Using a linear least squares fit in

1, the relevant API

　　(1), the value of the most

　　　　np.max () np.min () np.ptp ( ): returns an array of the maximum / minimum / poor

　　　　np.argmax () np.argmin (): subscript returns an array of the maximum / minimum element

　　　　np.maximum () np.minimum (): the elements of the maximum / minimum elements corresponding to the same two-dimensional array to form a new array

　　(2), as specified in an array along the axial direction, call handler, and returns the value returned again organized into arrays each call.

DEF FUNC (Data):
     Pass 
# FUNC handler 
# Axis axial [0,1] 
# Array array 
np.apply_along_axis (func, axis, array)

　　(3), convolution

= C numpy.convolve (A, b, convolution type) 

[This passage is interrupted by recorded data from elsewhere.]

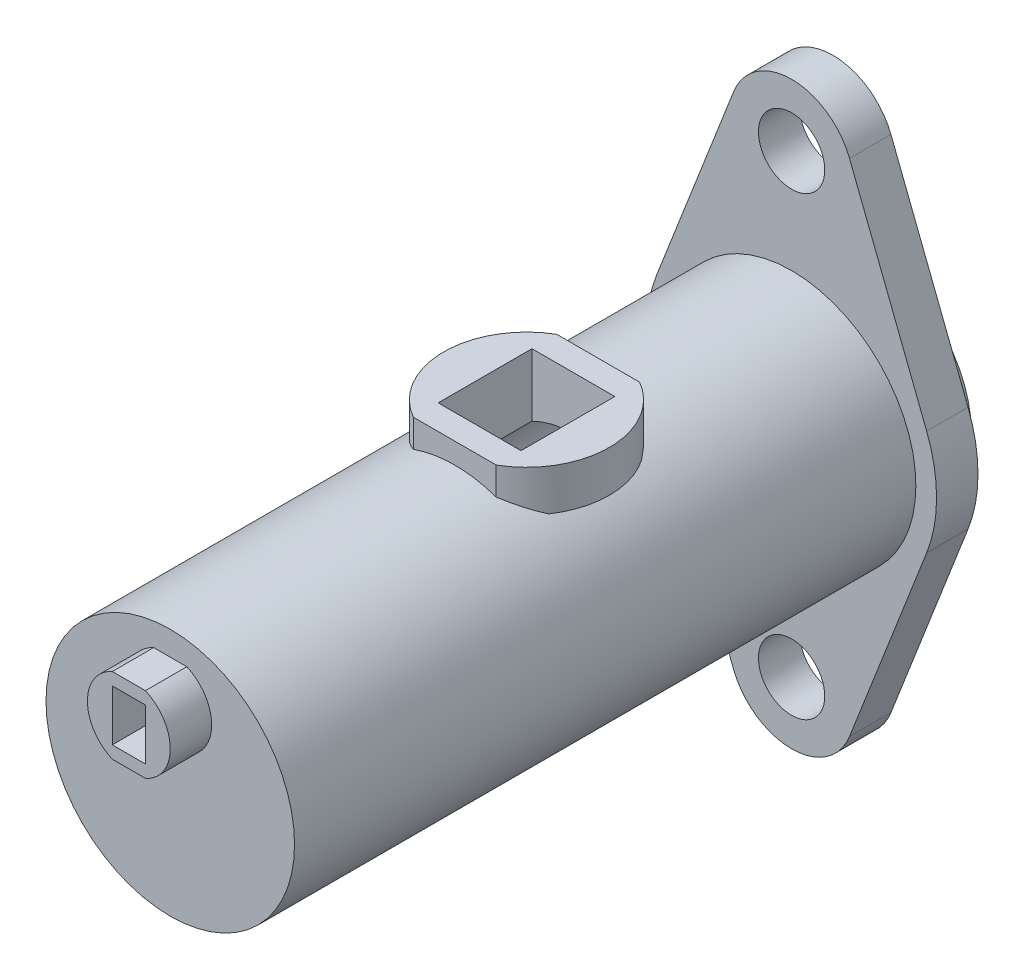
from build123d import *

# Parameters (mm, degrees)
SKETCH1_R           = 15
SKETCH1_R_2         = 4
BOSS_EXTRUDE1_DEPTH = 5
SKETCH3_R           = 15
SKETCH3_R_2         = 11.1125
BOSS_EXTRUDE2_DEPTH = 80
BOSS_EXTRUDE3_START = -2
SKETCH4_R           = 11.1125
BOSS_EXTRUDE3_DEPTH = 2
SKETCH5_W           = 4
SKETCH5_H           = 6.16515139
BOSS_EXTRUDE4_DEPTH = 5
SKETCH6_W           = 10
SKETCH6_H           = 11.320508076
BOSS_EXTRUDE5_DEPTH = 5
SKETCH8_R           = 4
CUT_EXTRUDE1_DEPTH  = 4
SKETCH10_W          = 4
SKETCH10_H          = 6.16515139
CUT_EXTRUDE2_DEPTH  = 2
SKETCH11_W          = 10
SKETCH11_H          = 11.320508076
CUT_EXTRUDE3_DEPTH  = 18.5


with BuildPart() as part:
    # Sketch1 → Boss-Extrude1 (new body)
    with BuildSketch(Plane.XY):
        with BuildLine():
            Line((-16.301967128, -6.363636364), (-6.98655734, -30.227272727))
            ThreePointArc((-6.98655734, -30.227272727), (0, -35), (6.98655734, -30.227272727))
            Line((6.98655734, -30.227272727), (16.301967128, -6.363636364))
            ThreePointArc((16.301967128, -6.363636364), (17.5, 0), (16.301967128, 6.363636364))
            Line((16.301967128, 6.363636364), (6.98655734, 30.227272727))
            ThreePointArc((6.98655734, 30.227272727), (0, 35), (-6.98655734, 30.227272727))
            Line((-6.98655734, 30.227272727), (-16.301967128, 6.363636364))
            ThreePointArc((-16.301967128, 6.363636364), (-17.5, 0), (-16.301967128, -6.363636364))
        make_face()
        Circle(SKETCH1_R, mode=Mode.SUBTRACT)
        with Locations((0, 27.5)):
            Circle(SKETCH1_R_2, mode=Mode.SUBTRACT)
        with Locations((0, -27.5)):
            Circle(SKETCH1_R_2, mode=Mode.SUBTRACT)
    extrude(amount=BOSS_EXTRUDE1_DEPTH)

    # Sketch3 → Boss-Extrude2 (add)
    with BuildSketch(Plane.XY):
        Circle(SKETCH3_R)
        Circle(SKETCH3_R_2, mode=Mode.SUBTRACT)
    extrude(amount=BOSS_EXTRUDE2_DEPTH)

    # Sketch4 → Boss-Extrude3 (add)
    with BuildSketch(Plane.XY.offset(80).offset(BOSS_EXTRUDE3_START)):
        Circle(SKETCH4_R)
    extrude(amount=BOSS_EXTRUDE3_DEPTH)

    # Sketch5 → Boss-Extrude4 (add)
    with BuildSketch(Plane.XY.offset(80)):
        with BuildLine():
            Line((-2, 12.082575695), (2, 12.082575695))
            ThreePointArc((2, 12.082575695), (5, 7.5), (2, 2.917424305))
            Line((2, 2.917424305), (-2, 2.917424305))
            ThreePointArc((-2, 2.917424305), (-5, 7.5), (-2, 12.082575695))
        make_face()
        with Locations((0, 7.5)):
            Rectangle(SKETCH5_W, SKETCH5_H, mode=Mode.SUBTRACT)
    extrude(amount=BOSS_EXTRUDE4_DEPTH)

    # Sketch6 → Boss-Extrude5 (add)
    with BuildSketch(Plane(origin=(0, 12.5, 0), x_dir=(1, 0, 0), z_dir=(0, 1, 0))):
        with BuildLine():
            Line((-5, -28.339745962), (5, -28.339745962))
            ThreePointArc((5, -28.339745962), (10, -37), (5, -45.660254038))
            Line((5, -45.660254038), (-5, -45.660254038))
            ThreePointArc((-5, -45.660254038), (-10, -37), (-5, -28.339745962))
        make_face()
        with Locations((0, -37)):
            Rectangle(SKETCH6_W, SKETCH6_H, mode=Mode.SUBTRACT)
    extrude(amount=BOSS_EXTRUDE5_DEPTH)

    # Sketch7 → Revolve1 (revolve)
    with BuildSketch(Plane(origin=(0, 0, 0), x_dir=(0, 0, -1), z_dir=(1, 0, 0))):
        Polygon((0, 15), (4, 12.690598923), (4, 0), (0, 0), align=None)
    revolve(axis=Axis((0, 0, -4), (0, 0, 1)))

    # Sketch8 → Cut-Extrude1 (cut)
    with BuildSketch(Plane(origin=(0, 0, -4), x_dir=(-1, 0, 0), z_dir=(0, 0, -1))):
        with Locations(Location((0, 0, 0), (0, 0, 90))):
            Circle(SKETCH8_R)
    extrude(amount=-CUT_EXTRUDE1_DEPTH, mode=Mode.SUBTRACT)

    # Sketch10 → Cut-Extrude2 (cut)
    with BuildSketch(Plane.XY.offset(80)):
        with Locations((0, 7.5)):
            Rectangle(SKETCH10_W, SKETCH10_H)
    extrude(amount=-CUT_EXTRUDE2_DEPTH, mode=Mode.SUBTRACT)

    # Sketch11 → Cut-Extrude3 (cut, symmetric)
    with BuildSketch(Plane(origin=(0, 12.5, 0), x_dir=(1, 0, 0), z_dir=(0, 1, 0))):
        with Locations((0, -37)):
            Rectangle(SKETCH11_W, SKETCH11_H)
    extrude(amount=CUT_EXTRUDE3_DEPTH, both=True, mode=Mode.SUBTRACT)


solid = part.part

A = [. 1, 2,. 3,. 4,. 5 ] the original array 
b = [. 8,. 7,. 6 ] convolution kernel array 

used as a convolution kernel b, of a process of performing convolution operation of the array as follows:
            446,586          valid convolution (valid)
         23 is 446586 59       with dimensional convolution (same)
       . 8 59 446 586 30 23 is    complete convolution (full) 
0 0   . 1 2. 4. 3 . 5   0 0
 . 6. 7. 8 
   . 6. 7. 8 
      . 6. 7. 8 
         . 6. 7. 8 
            . 6. 7. 8 
               . 6. 7. 8 
                  . 6. 7. 8

　　(4), in line with the least squares method to calculate the minimum error fitting coefficients (the only solution is not required, but required the minimum error solution)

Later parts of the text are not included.